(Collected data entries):
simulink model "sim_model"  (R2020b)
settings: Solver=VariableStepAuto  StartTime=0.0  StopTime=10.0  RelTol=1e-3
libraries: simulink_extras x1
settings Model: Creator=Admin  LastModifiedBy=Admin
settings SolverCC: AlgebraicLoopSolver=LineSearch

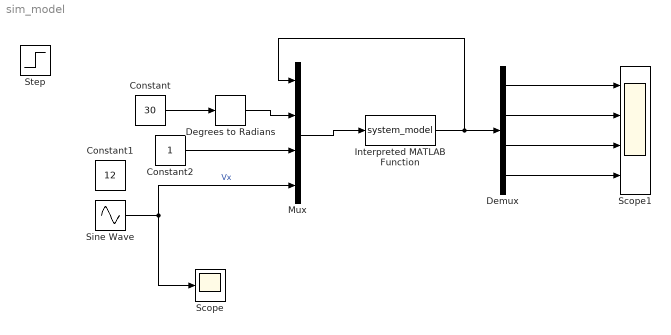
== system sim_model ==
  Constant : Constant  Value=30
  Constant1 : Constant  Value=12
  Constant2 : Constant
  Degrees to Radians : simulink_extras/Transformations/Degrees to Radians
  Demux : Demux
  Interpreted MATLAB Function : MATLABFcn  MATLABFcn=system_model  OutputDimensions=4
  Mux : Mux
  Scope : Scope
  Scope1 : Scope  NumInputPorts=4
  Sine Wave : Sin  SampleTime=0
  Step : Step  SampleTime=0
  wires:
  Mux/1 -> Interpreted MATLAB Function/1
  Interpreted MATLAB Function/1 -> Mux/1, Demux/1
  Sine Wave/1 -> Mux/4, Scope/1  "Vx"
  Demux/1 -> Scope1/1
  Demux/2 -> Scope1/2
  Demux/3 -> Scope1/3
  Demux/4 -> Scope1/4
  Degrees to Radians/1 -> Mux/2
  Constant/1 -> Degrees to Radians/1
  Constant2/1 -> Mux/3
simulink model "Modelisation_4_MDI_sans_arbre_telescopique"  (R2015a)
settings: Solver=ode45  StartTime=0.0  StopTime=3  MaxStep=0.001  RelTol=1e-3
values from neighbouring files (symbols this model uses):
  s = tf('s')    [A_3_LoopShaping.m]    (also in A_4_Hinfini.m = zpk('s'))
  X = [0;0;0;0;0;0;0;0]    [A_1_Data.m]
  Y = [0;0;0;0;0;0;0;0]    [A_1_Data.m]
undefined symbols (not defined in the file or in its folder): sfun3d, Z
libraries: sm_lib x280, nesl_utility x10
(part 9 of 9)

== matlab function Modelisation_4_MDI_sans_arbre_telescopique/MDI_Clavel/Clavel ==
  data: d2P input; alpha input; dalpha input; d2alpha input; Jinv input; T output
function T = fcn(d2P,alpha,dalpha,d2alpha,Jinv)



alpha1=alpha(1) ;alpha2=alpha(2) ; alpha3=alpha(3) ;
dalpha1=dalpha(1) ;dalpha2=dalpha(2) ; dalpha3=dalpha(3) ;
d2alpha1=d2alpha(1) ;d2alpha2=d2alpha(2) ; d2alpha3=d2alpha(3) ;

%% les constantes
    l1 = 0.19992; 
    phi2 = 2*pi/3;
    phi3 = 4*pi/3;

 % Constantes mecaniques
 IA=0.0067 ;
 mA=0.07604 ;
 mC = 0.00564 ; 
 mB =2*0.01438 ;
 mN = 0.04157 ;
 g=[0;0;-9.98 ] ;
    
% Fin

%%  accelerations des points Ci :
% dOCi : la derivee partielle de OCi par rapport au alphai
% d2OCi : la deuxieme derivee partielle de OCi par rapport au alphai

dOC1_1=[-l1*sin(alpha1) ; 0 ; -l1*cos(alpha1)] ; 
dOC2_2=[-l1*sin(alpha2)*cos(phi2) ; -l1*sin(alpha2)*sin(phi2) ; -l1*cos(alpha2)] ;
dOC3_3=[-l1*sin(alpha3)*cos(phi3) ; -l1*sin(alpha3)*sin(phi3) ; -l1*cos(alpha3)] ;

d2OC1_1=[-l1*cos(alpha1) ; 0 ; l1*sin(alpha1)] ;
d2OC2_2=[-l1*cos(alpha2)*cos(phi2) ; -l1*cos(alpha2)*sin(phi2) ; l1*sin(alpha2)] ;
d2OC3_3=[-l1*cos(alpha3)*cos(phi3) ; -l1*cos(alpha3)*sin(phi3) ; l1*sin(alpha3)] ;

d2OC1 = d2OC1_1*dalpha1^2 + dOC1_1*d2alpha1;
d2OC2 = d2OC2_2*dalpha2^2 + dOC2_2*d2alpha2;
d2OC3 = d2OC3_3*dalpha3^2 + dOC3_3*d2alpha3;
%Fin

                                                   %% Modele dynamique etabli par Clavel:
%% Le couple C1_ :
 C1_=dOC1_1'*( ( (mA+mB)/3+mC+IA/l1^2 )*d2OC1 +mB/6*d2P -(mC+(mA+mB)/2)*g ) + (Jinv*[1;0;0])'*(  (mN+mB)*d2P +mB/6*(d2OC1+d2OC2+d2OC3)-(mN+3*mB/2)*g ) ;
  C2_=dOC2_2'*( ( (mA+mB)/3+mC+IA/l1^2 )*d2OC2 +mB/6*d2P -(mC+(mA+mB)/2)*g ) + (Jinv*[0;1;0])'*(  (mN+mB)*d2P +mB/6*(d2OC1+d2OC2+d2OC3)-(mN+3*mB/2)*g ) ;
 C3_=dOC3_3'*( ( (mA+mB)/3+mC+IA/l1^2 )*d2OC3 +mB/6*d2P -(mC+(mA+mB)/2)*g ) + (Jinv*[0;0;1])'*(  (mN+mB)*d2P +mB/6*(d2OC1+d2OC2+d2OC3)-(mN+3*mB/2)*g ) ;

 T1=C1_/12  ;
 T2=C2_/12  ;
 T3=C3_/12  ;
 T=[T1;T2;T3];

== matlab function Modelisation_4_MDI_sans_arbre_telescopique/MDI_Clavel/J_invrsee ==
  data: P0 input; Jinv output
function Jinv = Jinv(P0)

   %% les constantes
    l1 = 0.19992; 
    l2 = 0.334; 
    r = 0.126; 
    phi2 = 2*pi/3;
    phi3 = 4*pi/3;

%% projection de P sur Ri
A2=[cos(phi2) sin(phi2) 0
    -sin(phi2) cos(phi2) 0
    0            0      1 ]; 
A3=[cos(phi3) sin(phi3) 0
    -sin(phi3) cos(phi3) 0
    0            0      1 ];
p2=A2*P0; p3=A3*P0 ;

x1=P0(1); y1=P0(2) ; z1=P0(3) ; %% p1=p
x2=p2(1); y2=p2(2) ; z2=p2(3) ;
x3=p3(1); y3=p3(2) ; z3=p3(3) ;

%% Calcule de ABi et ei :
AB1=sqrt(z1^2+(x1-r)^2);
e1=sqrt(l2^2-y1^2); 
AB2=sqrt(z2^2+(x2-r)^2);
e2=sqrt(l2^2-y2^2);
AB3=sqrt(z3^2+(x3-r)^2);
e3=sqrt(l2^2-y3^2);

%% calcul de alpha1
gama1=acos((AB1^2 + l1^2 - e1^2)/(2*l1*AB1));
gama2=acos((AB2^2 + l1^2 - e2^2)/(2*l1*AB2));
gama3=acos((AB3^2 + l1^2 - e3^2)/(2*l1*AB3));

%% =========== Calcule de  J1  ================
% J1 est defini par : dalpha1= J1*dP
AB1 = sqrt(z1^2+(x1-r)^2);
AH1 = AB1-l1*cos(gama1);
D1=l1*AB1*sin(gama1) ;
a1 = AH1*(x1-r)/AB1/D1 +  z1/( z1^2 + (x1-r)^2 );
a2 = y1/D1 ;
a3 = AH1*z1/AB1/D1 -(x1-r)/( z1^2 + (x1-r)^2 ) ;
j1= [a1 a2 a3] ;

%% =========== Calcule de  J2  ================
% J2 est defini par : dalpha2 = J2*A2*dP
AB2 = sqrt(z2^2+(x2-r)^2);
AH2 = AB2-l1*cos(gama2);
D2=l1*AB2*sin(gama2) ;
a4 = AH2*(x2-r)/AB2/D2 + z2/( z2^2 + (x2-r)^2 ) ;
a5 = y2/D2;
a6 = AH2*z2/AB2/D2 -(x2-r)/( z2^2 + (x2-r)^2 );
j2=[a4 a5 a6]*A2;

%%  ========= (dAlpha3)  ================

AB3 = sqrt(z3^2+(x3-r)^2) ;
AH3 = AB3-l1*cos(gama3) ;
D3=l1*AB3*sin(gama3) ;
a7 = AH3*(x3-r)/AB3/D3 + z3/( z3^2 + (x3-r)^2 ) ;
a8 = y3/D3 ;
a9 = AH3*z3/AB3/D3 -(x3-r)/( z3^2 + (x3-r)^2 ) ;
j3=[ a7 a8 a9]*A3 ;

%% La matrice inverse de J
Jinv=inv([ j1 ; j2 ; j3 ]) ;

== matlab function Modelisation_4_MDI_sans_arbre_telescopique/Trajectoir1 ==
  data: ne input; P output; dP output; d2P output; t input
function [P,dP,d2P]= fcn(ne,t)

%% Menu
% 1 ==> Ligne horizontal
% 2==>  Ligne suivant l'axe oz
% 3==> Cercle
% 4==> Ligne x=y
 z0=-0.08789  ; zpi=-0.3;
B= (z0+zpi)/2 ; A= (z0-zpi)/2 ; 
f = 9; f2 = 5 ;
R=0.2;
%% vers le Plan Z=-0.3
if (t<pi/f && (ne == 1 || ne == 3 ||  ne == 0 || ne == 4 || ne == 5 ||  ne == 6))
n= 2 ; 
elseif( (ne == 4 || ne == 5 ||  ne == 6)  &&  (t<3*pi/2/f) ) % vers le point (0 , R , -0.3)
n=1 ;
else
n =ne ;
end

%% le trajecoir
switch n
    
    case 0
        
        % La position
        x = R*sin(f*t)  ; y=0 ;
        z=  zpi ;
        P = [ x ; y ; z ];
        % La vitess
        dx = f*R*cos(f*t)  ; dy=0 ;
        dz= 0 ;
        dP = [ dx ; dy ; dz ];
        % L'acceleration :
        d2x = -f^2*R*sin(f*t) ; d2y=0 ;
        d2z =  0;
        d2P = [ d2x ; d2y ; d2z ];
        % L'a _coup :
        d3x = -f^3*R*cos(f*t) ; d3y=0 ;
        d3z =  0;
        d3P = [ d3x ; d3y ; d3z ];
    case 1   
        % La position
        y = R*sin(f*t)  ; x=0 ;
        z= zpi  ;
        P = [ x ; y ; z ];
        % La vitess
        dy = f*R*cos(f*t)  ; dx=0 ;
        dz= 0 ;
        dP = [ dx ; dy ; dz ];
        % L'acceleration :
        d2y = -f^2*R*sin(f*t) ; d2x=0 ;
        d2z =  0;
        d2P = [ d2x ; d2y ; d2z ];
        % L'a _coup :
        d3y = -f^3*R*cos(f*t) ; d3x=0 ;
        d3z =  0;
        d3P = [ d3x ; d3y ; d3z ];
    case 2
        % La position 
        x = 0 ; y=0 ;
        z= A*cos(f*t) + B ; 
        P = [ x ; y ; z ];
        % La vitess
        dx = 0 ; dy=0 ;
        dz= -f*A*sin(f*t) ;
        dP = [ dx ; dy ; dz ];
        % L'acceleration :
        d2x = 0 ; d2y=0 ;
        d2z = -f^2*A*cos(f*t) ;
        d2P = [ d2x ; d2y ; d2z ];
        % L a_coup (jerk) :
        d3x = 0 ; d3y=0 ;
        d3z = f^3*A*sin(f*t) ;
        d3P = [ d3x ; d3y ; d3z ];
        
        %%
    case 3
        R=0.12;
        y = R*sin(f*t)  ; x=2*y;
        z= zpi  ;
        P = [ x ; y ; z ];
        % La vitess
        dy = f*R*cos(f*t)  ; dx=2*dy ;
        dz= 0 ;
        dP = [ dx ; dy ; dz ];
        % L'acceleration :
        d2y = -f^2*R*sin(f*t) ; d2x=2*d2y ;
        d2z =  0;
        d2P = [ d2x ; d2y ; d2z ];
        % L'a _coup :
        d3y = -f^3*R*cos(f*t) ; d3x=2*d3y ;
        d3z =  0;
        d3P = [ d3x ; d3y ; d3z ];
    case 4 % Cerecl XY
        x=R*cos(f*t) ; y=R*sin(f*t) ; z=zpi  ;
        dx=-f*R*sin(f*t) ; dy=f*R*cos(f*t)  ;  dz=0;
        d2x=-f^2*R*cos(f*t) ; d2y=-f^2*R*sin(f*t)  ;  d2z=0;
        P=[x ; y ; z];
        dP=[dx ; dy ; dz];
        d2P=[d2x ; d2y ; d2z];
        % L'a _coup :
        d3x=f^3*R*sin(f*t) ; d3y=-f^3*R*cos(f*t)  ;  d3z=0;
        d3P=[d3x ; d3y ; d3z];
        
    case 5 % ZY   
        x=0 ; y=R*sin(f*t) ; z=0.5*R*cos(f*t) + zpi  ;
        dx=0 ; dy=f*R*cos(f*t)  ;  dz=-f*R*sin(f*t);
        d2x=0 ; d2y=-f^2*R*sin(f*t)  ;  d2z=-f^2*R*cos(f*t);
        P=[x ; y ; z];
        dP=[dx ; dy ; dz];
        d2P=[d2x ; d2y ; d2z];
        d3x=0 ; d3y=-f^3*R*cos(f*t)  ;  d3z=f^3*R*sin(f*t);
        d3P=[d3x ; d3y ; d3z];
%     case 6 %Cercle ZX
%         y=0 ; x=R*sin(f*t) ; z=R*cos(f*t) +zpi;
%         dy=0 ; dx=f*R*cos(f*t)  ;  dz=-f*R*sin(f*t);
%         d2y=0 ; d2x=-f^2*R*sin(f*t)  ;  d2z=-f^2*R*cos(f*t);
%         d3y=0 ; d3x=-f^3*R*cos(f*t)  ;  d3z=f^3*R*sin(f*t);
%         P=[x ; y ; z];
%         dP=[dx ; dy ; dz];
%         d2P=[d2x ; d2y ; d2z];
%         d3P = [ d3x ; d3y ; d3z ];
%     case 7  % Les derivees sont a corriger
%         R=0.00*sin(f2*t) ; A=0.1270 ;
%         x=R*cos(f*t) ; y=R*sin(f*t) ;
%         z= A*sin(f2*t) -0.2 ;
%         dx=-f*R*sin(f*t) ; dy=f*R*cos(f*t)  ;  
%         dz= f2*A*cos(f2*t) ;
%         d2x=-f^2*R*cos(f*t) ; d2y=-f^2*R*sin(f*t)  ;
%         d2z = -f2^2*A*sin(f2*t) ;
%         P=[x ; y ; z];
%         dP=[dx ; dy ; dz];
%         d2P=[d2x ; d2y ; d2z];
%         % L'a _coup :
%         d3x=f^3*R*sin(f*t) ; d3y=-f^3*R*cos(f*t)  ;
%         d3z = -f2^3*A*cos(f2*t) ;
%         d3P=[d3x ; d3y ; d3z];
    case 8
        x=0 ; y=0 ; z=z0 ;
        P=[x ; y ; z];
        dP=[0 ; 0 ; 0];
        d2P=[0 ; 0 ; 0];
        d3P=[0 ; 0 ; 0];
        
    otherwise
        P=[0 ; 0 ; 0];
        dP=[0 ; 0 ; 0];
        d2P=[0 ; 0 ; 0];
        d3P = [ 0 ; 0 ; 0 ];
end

(What you are asked to do): Without the pictures, copy the entries from their first line through the line containing "Demux/1 -> Scope1/1", and only those lines.

(Written solution):
simulink model "sim_model"  (R2020b)
settings: Solver=VariableStepAuto  StartTime=0.0  StopTime=10.0  RelTol=1e-3
libraries: simulink_extras x1
settings Model: Creator=Admin  LastModifiedBy=Admin
settings SolverCC: AlgebraicLoopSolver=LineSearch

== system sim_model ==
  Constant : Constant  Value=30
  Constant1 : Constant  Value=12
  Constant2 : Constant
  Degrees to Radians : simulink_extras/Transformations/Degrees to Radians
  Demux : Demux
  Interpreted MATLAB Function : MATLABFcn  MATLABFcn=system_model  OutputDimensions=4
  Mux : Mux
  Scope : Scope
  Scope1 : Scope  NumInputPorts=4
  Sine Wave : Sin  SampleTime=0
  Step : Step  SampleTime=0
  wires:
  Mux/1 -> Interpreted MATLAB Function/1
  Interpreted MATLAB Function/1 -> Mux/1, Demux/1
  Sine Wave/1 -> Mux/4, Scope/1  "Vx"
  Demux/1 -> Scope1/1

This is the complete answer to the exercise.